I understand your desire to not "waste" a session, but my general advice would be that you will be much better off in the long run if you use a very conservative approach at the beginning of each phase. If you start with too much weight, you are constantly failing to achieve your goals; its de-motivating, and can result in injury. If you start with too little, you will complete every set, the risk of injury is reduced, and you feel good about your accomplishments. You can quickly dial up the resistance in a gradual fashion, that makes you feel like you're constantly improving between each workout.

Any, to be more specific, here is how I determine the resistance for my first workout. I will go through my hangboard logs from the previous 3-4 seasons, and particularly look at how much the resistance changed between the first 2-3 workouts. The reason I go back several seasons, is that hangboarding is more difficulat at different times of year.
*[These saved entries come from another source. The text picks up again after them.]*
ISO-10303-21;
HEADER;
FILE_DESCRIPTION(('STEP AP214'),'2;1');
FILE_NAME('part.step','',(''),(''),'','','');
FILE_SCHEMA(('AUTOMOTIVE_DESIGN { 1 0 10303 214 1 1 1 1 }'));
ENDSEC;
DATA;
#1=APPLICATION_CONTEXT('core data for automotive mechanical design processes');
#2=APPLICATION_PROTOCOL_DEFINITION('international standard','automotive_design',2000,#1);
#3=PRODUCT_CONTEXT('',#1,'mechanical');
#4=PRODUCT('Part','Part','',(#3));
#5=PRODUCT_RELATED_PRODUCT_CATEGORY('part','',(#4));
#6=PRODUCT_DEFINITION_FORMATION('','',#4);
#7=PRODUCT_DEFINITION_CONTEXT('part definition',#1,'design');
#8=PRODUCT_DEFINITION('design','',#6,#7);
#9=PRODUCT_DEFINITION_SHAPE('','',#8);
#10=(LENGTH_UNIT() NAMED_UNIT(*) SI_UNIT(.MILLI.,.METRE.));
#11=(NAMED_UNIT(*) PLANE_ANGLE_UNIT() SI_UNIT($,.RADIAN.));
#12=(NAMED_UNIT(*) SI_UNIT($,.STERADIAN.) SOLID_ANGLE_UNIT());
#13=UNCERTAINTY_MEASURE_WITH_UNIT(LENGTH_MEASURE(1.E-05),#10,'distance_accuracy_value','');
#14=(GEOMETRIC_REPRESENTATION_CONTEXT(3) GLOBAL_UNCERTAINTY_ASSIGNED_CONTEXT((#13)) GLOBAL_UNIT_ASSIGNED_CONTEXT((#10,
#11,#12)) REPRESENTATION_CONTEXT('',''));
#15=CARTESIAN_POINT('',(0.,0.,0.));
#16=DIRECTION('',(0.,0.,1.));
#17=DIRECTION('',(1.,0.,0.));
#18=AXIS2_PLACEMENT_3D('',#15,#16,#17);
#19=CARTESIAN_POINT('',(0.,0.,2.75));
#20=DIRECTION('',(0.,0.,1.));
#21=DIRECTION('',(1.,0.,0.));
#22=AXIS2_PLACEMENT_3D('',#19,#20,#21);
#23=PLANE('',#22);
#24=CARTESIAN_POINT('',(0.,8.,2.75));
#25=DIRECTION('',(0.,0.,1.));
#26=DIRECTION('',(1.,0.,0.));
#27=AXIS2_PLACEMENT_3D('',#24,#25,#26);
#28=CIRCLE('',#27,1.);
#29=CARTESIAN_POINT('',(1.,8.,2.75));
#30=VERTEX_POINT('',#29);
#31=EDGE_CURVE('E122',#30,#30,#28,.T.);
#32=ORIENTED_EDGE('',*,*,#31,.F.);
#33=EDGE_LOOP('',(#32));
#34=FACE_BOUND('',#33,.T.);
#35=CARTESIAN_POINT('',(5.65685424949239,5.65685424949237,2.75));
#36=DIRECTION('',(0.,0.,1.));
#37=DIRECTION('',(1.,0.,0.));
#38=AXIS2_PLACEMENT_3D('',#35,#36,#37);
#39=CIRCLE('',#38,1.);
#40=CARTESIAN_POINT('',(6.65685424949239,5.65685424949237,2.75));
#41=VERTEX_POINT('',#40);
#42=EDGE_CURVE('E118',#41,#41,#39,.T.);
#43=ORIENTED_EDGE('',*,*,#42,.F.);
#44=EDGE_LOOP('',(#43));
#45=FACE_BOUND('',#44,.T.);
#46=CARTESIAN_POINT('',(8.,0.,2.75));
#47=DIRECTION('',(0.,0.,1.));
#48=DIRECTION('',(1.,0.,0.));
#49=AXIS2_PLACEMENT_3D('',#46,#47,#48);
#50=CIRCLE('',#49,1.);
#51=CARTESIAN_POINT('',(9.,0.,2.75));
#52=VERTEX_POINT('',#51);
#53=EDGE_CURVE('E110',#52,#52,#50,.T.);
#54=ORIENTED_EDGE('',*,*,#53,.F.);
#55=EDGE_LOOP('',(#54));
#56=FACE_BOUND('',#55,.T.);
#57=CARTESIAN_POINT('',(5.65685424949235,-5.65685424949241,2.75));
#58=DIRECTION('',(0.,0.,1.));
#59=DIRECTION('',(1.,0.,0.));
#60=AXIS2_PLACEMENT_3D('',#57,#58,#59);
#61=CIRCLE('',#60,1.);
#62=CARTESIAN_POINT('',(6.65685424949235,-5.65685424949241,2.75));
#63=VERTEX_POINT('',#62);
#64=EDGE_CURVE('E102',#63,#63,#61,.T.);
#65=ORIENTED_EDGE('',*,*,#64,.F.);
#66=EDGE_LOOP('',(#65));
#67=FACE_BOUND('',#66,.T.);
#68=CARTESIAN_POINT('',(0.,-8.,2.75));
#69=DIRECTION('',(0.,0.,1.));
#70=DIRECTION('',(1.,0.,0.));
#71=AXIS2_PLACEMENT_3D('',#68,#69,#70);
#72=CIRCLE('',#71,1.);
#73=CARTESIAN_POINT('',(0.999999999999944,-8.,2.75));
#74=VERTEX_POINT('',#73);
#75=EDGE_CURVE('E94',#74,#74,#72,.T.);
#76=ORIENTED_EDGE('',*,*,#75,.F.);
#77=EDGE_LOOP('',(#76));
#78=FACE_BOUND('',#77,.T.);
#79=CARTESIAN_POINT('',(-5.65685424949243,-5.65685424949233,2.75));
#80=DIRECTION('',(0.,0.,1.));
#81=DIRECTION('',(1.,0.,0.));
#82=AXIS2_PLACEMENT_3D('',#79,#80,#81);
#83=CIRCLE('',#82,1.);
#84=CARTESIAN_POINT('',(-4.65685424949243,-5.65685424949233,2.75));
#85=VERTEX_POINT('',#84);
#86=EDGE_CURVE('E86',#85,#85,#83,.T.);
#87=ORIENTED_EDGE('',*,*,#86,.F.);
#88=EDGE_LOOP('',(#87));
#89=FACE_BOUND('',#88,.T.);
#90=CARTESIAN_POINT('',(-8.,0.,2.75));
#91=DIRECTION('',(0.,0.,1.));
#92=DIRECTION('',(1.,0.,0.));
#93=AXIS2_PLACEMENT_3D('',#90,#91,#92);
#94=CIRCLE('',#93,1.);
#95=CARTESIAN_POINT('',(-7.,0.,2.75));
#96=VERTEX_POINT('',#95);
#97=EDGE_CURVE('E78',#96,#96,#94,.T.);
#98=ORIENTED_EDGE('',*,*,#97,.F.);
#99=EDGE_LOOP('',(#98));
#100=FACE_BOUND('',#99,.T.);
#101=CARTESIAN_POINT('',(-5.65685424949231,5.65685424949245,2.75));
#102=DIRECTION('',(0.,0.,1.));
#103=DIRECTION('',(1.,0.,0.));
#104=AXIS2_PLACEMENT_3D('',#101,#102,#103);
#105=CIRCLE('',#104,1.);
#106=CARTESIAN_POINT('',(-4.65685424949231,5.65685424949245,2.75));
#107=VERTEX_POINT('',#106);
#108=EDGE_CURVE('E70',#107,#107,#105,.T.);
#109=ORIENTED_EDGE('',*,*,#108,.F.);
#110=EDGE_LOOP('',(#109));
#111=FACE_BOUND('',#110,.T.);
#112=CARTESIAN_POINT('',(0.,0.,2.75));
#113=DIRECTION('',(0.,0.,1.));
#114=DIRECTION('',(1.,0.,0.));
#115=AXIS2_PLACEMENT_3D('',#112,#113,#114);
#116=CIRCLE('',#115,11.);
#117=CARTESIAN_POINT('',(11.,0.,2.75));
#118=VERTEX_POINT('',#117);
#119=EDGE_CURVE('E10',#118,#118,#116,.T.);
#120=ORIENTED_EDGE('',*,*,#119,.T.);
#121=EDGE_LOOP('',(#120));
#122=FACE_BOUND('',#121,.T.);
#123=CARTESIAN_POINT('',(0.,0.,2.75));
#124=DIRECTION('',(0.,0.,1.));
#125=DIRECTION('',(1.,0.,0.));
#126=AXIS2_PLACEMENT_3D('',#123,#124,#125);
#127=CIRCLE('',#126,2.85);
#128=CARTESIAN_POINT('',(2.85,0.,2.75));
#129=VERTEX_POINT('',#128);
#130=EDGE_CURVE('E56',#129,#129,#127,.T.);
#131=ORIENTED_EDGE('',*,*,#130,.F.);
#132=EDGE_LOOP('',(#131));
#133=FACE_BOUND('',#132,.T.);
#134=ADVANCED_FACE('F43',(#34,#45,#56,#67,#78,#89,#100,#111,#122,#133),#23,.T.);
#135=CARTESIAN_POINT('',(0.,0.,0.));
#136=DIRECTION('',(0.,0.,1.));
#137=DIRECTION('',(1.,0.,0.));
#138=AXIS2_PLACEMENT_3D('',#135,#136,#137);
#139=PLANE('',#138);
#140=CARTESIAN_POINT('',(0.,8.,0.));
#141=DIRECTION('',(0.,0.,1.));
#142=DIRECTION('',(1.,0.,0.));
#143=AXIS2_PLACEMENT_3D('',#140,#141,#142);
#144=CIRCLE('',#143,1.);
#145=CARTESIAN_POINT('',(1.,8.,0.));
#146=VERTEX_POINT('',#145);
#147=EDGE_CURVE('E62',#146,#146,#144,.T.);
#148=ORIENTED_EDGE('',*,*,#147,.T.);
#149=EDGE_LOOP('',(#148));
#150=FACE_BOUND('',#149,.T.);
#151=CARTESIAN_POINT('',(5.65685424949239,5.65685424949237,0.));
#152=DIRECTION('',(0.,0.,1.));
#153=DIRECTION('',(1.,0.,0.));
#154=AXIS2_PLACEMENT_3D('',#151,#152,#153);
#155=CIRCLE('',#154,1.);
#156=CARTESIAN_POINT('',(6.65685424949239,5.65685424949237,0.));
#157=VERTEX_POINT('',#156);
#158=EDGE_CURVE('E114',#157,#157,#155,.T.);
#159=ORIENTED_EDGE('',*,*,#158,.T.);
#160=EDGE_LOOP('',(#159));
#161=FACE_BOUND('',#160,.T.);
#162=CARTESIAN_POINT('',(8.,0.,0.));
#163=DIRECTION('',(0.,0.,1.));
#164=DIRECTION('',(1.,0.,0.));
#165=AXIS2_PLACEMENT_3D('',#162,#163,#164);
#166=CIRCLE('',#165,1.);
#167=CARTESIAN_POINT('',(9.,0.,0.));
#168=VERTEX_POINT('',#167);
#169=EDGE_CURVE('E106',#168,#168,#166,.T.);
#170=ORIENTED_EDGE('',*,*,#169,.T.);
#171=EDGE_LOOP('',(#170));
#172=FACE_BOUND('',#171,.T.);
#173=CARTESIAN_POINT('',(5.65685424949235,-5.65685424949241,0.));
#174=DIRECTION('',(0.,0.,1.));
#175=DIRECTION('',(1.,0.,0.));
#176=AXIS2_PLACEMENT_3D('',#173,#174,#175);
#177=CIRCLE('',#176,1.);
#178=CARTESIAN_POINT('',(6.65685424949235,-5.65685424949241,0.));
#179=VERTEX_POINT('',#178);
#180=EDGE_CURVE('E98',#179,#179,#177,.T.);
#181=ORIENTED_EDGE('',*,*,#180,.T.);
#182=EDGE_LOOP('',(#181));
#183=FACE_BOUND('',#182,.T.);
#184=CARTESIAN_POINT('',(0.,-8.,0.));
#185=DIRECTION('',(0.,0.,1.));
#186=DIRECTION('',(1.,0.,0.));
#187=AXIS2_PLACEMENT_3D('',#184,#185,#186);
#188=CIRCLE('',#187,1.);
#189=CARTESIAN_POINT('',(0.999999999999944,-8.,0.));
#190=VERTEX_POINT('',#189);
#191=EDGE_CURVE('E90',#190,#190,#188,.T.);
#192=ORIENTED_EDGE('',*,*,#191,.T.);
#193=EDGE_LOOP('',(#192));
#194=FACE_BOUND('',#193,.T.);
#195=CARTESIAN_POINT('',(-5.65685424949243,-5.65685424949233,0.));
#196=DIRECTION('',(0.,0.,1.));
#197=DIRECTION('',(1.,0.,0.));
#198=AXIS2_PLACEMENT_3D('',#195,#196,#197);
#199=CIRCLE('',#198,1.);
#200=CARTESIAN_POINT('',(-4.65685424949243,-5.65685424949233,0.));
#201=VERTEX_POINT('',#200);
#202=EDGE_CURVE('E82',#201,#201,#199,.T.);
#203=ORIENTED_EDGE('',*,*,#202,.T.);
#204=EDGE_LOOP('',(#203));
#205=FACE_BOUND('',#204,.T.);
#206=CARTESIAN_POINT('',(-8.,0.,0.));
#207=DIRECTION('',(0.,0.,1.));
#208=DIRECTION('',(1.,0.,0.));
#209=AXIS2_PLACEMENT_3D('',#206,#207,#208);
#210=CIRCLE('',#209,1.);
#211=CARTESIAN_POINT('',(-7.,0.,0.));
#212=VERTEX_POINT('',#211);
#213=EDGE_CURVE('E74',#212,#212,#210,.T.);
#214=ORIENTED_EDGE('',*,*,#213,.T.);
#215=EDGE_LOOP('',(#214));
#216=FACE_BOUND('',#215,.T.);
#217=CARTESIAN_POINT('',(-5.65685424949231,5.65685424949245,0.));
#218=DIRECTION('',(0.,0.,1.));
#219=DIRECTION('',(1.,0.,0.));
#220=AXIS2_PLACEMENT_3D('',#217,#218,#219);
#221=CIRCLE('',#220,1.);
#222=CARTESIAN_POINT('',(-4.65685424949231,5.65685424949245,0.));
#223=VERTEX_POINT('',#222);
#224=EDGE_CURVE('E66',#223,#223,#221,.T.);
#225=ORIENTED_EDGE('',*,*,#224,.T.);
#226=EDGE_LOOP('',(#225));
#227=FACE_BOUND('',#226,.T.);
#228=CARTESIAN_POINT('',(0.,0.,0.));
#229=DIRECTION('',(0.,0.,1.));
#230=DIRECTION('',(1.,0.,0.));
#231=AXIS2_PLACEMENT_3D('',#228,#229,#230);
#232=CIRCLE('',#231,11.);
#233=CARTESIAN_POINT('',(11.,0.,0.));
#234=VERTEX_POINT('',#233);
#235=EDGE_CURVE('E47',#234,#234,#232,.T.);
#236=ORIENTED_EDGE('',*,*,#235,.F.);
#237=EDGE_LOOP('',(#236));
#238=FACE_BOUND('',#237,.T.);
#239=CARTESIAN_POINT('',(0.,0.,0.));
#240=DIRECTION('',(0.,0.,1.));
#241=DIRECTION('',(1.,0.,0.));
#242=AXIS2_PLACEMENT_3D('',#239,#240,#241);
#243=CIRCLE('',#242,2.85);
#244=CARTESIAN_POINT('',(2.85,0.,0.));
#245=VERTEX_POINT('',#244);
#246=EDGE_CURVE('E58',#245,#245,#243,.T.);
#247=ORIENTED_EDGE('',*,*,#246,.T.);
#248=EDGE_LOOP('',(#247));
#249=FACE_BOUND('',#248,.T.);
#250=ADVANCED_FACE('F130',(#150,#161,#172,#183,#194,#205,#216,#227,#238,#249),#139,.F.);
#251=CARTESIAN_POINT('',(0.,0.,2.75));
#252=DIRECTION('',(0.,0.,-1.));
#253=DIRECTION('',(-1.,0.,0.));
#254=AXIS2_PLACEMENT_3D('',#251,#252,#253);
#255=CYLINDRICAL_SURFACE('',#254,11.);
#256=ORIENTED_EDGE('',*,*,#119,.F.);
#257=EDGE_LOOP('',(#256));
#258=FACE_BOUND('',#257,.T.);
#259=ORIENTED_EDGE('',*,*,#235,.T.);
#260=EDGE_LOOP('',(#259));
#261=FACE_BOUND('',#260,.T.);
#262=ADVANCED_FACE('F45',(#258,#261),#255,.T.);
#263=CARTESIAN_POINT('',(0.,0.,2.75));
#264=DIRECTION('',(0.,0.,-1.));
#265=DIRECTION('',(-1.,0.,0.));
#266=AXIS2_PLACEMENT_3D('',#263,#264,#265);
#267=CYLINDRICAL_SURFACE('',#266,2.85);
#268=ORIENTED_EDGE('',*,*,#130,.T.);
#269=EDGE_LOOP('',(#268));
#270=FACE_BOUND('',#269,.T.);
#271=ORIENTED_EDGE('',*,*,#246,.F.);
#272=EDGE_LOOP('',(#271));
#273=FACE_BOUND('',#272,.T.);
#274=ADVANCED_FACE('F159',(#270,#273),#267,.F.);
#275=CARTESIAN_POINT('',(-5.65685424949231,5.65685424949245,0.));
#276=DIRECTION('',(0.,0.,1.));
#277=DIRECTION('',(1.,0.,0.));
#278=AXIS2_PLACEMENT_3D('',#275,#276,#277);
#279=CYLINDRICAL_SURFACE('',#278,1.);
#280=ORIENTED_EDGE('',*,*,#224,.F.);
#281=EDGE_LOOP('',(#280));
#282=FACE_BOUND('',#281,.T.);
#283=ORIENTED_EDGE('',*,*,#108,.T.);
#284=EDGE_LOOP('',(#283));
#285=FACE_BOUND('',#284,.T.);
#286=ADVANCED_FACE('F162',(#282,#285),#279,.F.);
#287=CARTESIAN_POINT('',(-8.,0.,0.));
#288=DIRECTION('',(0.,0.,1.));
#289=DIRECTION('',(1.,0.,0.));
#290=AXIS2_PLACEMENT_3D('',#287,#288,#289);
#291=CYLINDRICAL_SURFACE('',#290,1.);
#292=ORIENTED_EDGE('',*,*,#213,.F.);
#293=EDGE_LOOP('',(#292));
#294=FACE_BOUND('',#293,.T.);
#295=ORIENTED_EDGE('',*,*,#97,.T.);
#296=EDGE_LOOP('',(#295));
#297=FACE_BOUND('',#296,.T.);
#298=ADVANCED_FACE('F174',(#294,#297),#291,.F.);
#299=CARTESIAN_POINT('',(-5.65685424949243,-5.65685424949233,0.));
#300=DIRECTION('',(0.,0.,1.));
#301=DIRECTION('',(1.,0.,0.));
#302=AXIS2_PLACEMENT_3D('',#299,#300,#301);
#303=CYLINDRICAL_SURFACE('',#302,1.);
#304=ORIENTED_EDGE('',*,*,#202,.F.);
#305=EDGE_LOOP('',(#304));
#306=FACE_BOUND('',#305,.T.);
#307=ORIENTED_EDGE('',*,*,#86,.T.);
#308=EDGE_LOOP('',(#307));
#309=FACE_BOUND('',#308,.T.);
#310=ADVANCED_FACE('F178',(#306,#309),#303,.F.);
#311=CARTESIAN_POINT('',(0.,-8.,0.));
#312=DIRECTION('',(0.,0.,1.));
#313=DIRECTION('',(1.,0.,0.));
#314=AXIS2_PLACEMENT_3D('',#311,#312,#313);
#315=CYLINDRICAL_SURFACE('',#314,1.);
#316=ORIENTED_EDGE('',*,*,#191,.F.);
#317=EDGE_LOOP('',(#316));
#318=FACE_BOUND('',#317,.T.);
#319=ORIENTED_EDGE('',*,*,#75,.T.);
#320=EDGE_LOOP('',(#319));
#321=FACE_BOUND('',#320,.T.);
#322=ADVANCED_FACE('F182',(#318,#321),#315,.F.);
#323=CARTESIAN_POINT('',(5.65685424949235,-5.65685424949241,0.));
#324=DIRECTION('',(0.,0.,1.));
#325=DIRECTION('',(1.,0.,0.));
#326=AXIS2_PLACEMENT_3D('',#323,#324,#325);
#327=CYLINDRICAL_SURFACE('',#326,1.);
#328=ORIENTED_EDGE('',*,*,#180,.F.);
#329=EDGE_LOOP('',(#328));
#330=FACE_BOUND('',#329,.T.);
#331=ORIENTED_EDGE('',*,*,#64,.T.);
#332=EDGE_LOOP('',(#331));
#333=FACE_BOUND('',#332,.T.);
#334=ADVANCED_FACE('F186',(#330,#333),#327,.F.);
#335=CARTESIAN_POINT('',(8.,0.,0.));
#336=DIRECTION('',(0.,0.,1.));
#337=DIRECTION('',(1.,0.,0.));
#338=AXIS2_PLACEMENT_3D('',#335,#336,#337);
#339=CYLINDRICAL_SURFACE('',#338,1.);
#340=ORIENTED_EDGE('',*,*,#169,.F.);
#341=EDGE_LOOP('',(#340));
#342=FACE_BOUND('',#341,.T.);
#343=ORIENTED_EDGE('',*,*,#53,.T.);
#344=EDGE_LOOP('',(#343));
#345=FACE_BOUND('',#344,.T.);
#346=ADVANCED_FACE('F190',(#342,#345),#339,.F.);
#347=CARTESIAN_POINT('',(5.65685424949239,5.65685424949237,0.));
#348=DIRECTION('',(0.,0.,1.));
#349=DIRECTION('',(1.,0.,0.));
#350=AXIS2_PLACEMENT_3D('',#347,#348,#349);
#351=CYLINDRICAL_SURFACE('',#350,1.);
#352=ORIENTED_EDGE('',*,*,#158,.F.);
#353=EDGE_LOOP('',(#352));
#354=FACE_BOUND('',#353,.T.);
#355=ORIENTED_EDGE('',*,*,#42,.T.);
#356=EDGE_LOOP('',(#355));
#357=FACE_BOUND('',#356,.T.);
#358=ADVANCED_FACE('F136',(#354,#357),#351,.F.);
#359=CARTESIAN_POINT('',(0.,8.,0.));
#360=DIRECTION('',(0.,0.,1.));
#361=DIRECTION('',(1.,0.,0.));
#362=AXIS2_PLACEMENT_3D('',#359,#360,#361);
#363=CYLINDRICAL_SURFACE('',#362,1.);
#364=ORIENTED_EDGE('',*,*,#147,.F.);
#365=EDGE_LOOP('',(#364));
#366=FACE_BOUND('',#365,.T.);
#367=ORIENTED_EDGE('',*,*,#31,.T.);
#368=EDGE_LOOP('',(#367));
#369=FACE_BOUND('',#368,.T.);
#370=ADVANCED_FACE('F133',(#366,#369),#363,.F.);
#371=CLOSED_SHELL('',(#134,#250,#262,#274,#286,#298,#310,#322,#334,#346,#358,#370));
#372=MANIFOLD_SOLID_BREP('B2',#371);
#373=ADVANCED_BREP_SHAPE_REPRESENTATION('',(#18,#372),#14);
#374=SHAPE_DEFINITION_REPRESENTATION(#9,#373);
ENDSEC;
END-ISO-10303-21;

When its cold out, you can do a lot more weight, because the friction is better. If you did your first cycle in December, the data you recorded will not correlate well to what you can do in June.

Anyway, I look at what my goals were for the first session, then I compare it what I actually did. Then I compare that to what I did in the 2nd and 3rd workouts. If I upped the resistance significantly between workouts 1&2, and I managed to complete all or most of the exercises in workout #2, then obviously workout 1 was not challenging enough, so I will base next season's workout #1 goals on what I did in workout #2.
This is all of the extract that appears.